### Task:
Starting at the line below holding "- C1, C170, C171, C172, C173, C177, C181: footprint" and stopping at the line holding "- J16: JLC_3DModel_Q", print every line exactly, both ends included, and leave the rest out.

*** Material for the task ***

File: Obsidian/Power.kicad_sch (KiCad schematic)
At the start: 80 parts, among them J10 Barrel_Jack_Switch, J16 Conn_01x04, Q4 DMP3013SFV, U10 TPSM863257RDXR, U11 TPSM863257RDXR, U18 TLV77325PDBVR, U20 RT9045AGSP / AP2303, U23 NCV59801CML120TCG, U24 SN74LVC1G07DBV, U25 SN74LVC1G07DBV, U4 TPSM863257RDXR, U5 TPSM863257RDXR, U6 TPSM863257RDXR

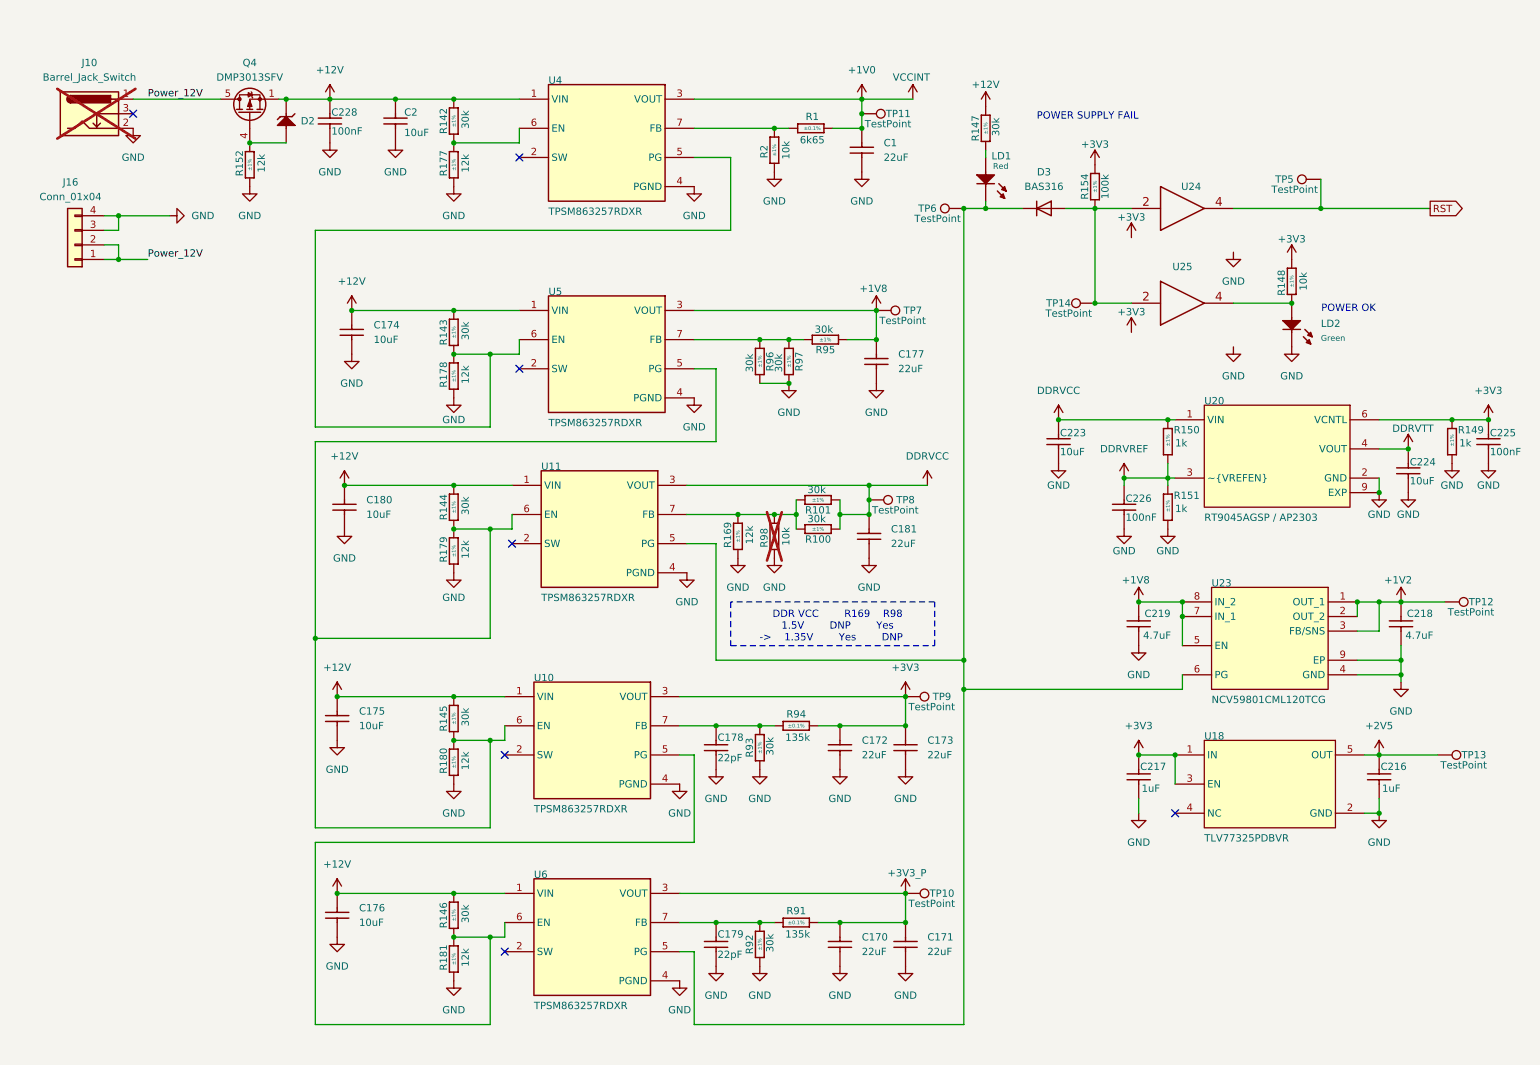
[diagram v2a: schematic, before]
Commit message: Adding symbol library
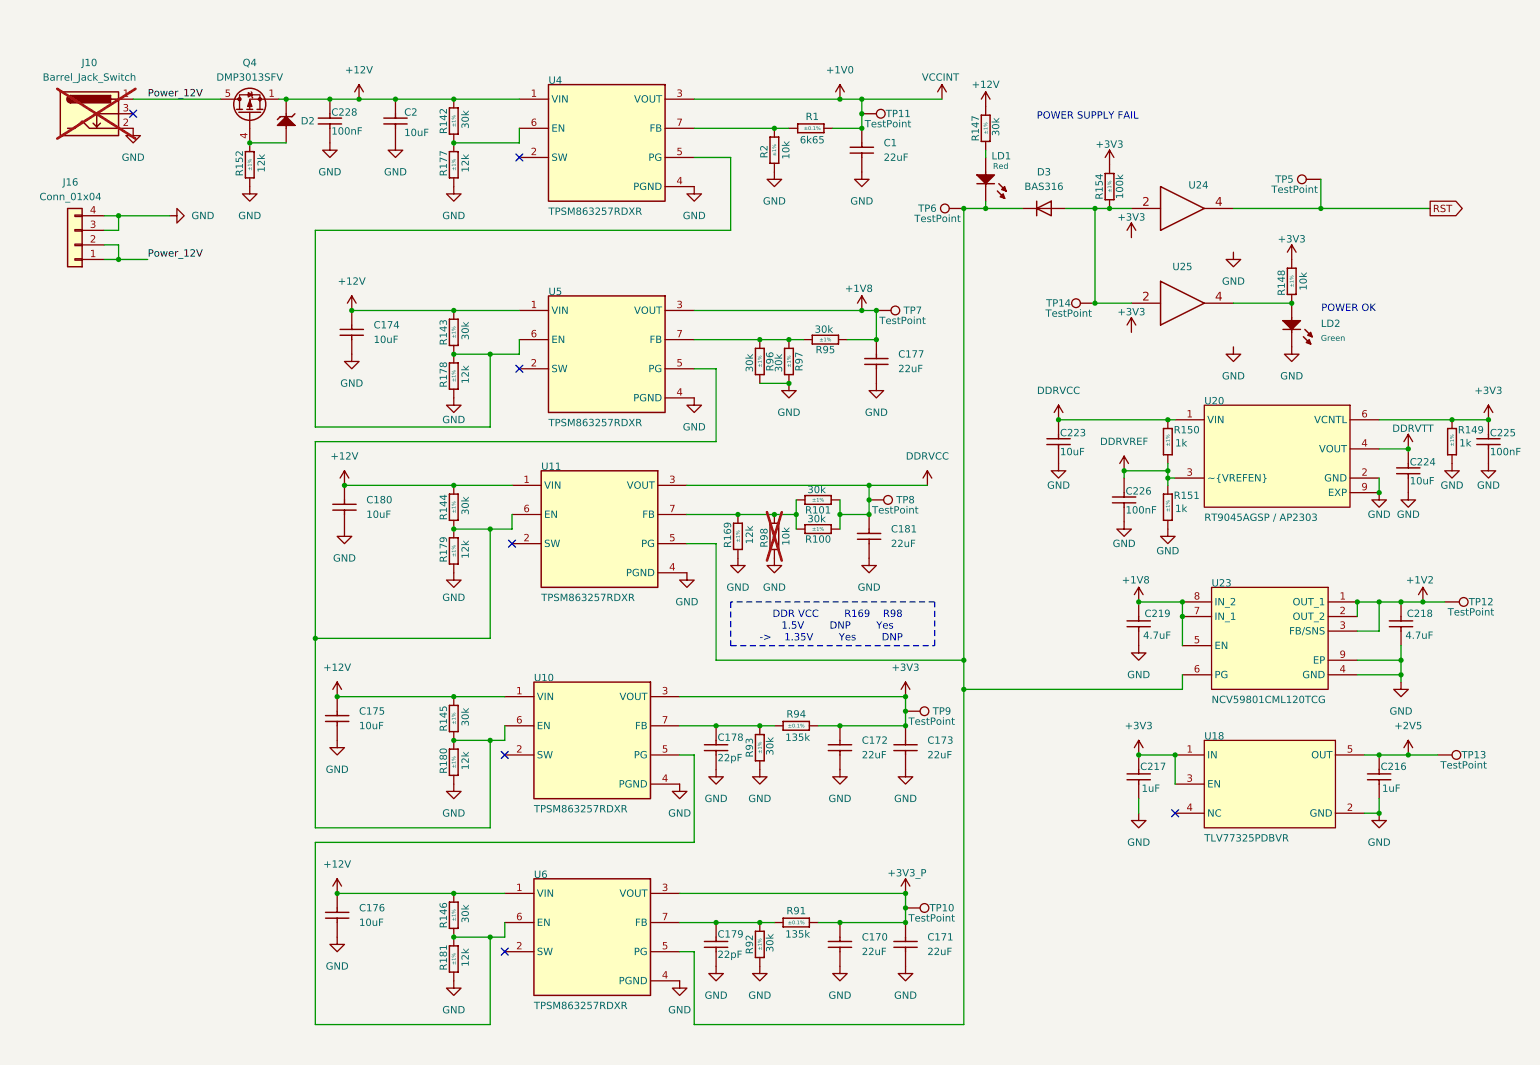
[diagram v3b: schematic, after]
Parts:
- C1, C170, C171, C172, C173, C177, C181: symbol Capacitors SMD:CC0805_22UF_16V_10%_X5R -> Library_Symbol:CC0805_22UF_16V_10%_X5R
- C174, C175, C176, C180, C2: symbol Capacitors SMD:CC0805_10UF_25V_10%_X5R -> Library_Symbol:CC0805_10UF_25V_10%_X5R
- C178, C179: symbol Capacitors SMD:CC0402_22PF_50V_5%_C0G -> Library_Symbol:CC0402_22PF_50V_5%_C0G
- C216, C217: symbol Capacitors SMD:CC0402_1UF_16V_10%_X5R -> Library_Symbol:CC0402_1UF_16V_10%_X5R
- C218, C219: symbol Capacitors SMD:CC0402_4.7UF_16V_20%_X5R -> Library_Symbol:CC0402_4.7UF_16V_20%_X5R
- C223, C224: symbol Capacitors SMD:CC0402_10UF_6.3V_20%_X5R -> Library_Symbol:CC0402_10UF_6.3V_20%_X5R
- C225, C226, C228: symbol Capacitors SMD:CC0402_100NF_50V_10%_X7R -> Library_Symbol:CC0402_100NF_50V_10%_X7R
- D2: symbol Diodes:MM3Z12VB -> Library_Symbol:MM3Z12VB
- D3: symbol Diode:BAS316 -> Library_Symbol:BAS316
- J10: symbol Connector:Barrel_Jack_Switch -> Library_Symbol:Barrel_Jack_Switch
- J16: symbol Connector_Generic:Conn_01x04 -> Library_Symbol:Conn_01x04
- LD1: symbol LEDs & Displays:LED_OSRAM_LS_Q976-NR-1 -> Library_Symbol:LED_OSRAM_LS_Q976-NR-1
- LD2: symbol LEDs & Displays:LED_KINGBRIGHT_KPH-1608CGCK -> Library_Symbol:LED_KINGBRIGHT_KPH-1608CGCK
- Q4: symbol Transistor_FET:DMP3013SFV -> Library_Symbol:DMP3013SFV
- R1: symbol Resistors SMD:R0603_6K65_0.1%_0.063W_10PPM -> Library_Symbol:R0603_6K65_0.1%_0.063W_10PPM
- R100, R101, R142, R143, R144, R145, R146, R147, R92, R93, R95, R96, R97: symbol Resistors SMD:R0402_30K_1%_0.0625W_100PPM -> Library_Symbol:R0402_30K_1%_0.0625W_100PPM
- R148, R2, R98: symbol Resistors SMD:R0402_10K_1%_0.0625W_100PPM -> Library_Symbol:R0402_10K_1%_0.0625W_100PPM
- R149, R150, R151: symbol Resistors SMD:R0402_1K_1%_0.0625W_100PPM -> Library_Symbol:R0402_1K_1%_0.0625W_100PPM
- R152, R169, R177, R178, R179, R180, R181: symbol Resistors SMD:R0402_12K_1%_0.0625W_100PPM -> Library_Symbol:R0402_12K_1%_0.0625W_100PPM
- R154: symbol Resistors SMD:R0402_100K_1%_0.0625W_100PPM -> Library_Symbol:R0402_100K_1%_0.0625W_100PPM
- R91, R94: symbol Resistors SMD:R0805_135K_0.1%_0.1W_25PPM_KOA_RN73R2ATTD1353B25 -> Library_Symbol:R0805_135K_0.1%_0.1W_25PPM_KOA_RN73R2ATTD1353B25
- TP10, TP11, TP12, TP13, TP14, TP5, TP6, TP7, TP8, TP9: symbol Connector:TestPoint -> Library_Symbol:TestPoint
- U10: symbol Sheet2-altium-import:root_0_TPSM863257RDXR -> Library_Symbol:root_0_TPSM863257RDXR_4
- U11: symbol Sheet2-altium-import:root_0_TPSM863257RDXR -> Library_Symbol:root_0_TPSM863257RDXR_3
- U18: symbol Sheet3-altium-import:root_0_9444cdc507fe29f20f0adc9980b4e13 -> Library_Symbol:root_0_9444cdc507fe29f20f0adc9980b4e13
- U20: symbol Sheet3-altium-import:root_0_AP2303MPTR-G1 -> Library_Symbol:root_0_AP2303MPTR-G1
- U23: symbol Sheet3-altium-import:root_0_NCV59801CML120TCG -> Library_Symbol:root_0_NCV59801CML120TCG
- U24: symbol Standard Logic:SN74LVC1G07DBV -> Library_Symbol:SN74LVC1G07DBV_1
- U25: symbol Standard Logic:SN74LVC1G07DBV -> Library_Symbol:SN74LVC1G07DBV
- U4: symbol Sheet2-altium-import:root_0_TPSM863257RDXR -> Library_Symbol:root_0_TPSM863257RDXR_1
- U5: symbol Sheet2-altium-import:root_0_TPSM863257RDXR -> Library_Symbol:root_0_TPSM863257RDXR_2
- U6: symbol Sheet2-altium-import:root_0_TPSM863257RDXR -> Library_Symbol:root_0_TPSM863257RDXR
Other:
- moved on the sheet: C226, R154, TP10, TP9

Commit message: Correct Schematic errors
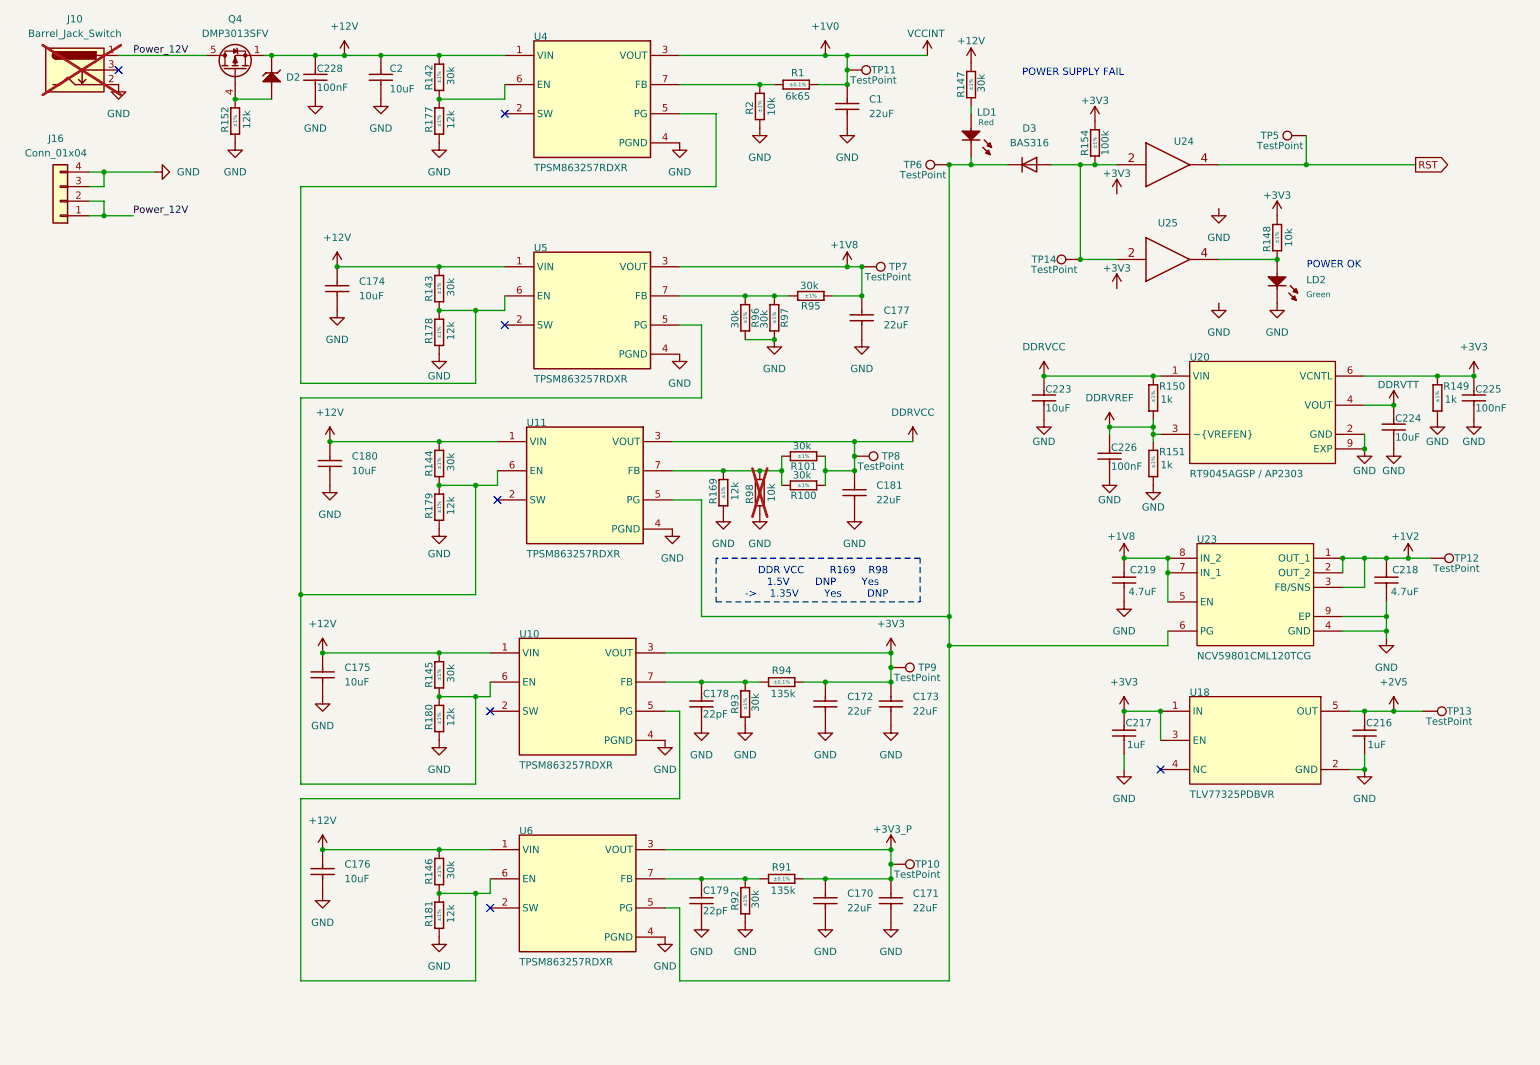
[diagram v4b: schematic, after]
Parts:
- C1, C170, C171, C172, C173, C177, C181: footprint Capacitors SMD:CAPC2012X135N -> Footprint:CAPC2012X135N
- C174, C175, C176, C180, C2: footprint Capacitors SMD:CAPC2012X95N -> Footprint:CAPC2012X95N
- C178, C179, C216, C217, C218, C219, C225, C226, C228: footprint Capacitors SMD:CAPC1005X55N -> Footprint:CAPC1005X55N
- C223, C224: footprint Capacitors SMD:CAPC1005X70N -> Footprint:CAPC1005X70N
- D2: footprint ICs And Semiconductors SMD:SODFL2513X100N -> Footprint:SODFL2513X100N
- D3: footprint Diode_SMD:D_SOD-323 -> Footprint:D_SOD-323
- J10: footprint Connector_BarrelJack:BarrelJack_GCT_DCJ200-10-A_Horizontal -> Footprint:BarrelJack_GCT_DCJ200-10-A_Horizontal
- J16: JLC_3DModel_Q (none) -> 3a9589fe0d364ed5b6653693e78db6f8; JLC_3D_Size (none) -> 22.4 19.2
- LD1: footprint ICs And Semiconductors SMD:LED_OSRAM_LS Q976 -> Footprint:LED_OSRAM_LS Q976
- LD2: footprint ICs And Semiconductors SMD:LED_KINGBRIGHT_KPH-1608CGCK -> Footprint:LED_KINGBRIGHT_KPH-1608CGCK
- Q4: footprint Package_SON:Diodes_PowerDI3333-8 -> Footprint:Diodes_PowerDI3333-8
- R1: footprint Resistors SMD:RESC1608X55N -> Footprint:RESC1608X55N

*** End of Material for the task ***

### Response for this exercise:
- C1, C170, C171, C172, C173, C177, C181: footprint Capacitors SMD:CAPC2012X135N -> Footprint:CAPC2012X135N
- C174, C175, C176, C180, C2: footprint Capacitors SMD:CAPC2012X95N -> Footprint:CAPC2012X95N
- C178, C179, C216, C217, C218, C219, C225, C226, C228: footprint Capacitors SMD:CAPC1005X55N -> Footprint:CAPC1005X55N
- C223, C224: footprint Capacitors SMD:CAPC1005X70N -> Footprint:CAPC1005X70N
- D2: footprint ICs And Semiconductors SMD:SODFL2513X100N -> Footprint:SODFL2513X100N
- D3: footprint Diode_SMD:D_SOD-323 -> Footprint:D_SOD-323
- J10: footprint Connector_BarrelJack:BarrelJack_GCT_DCJ200-10-A_Horizontal -> Footprint:BarrelJack_GCT_DCJ200-10-A_Horizontal
- J16: JLC_3DModel_Q (none) -> 3a9589fe0d364ed5b6653693e78db6f8; JLC_3D_Size (none) -> 22.4 19.2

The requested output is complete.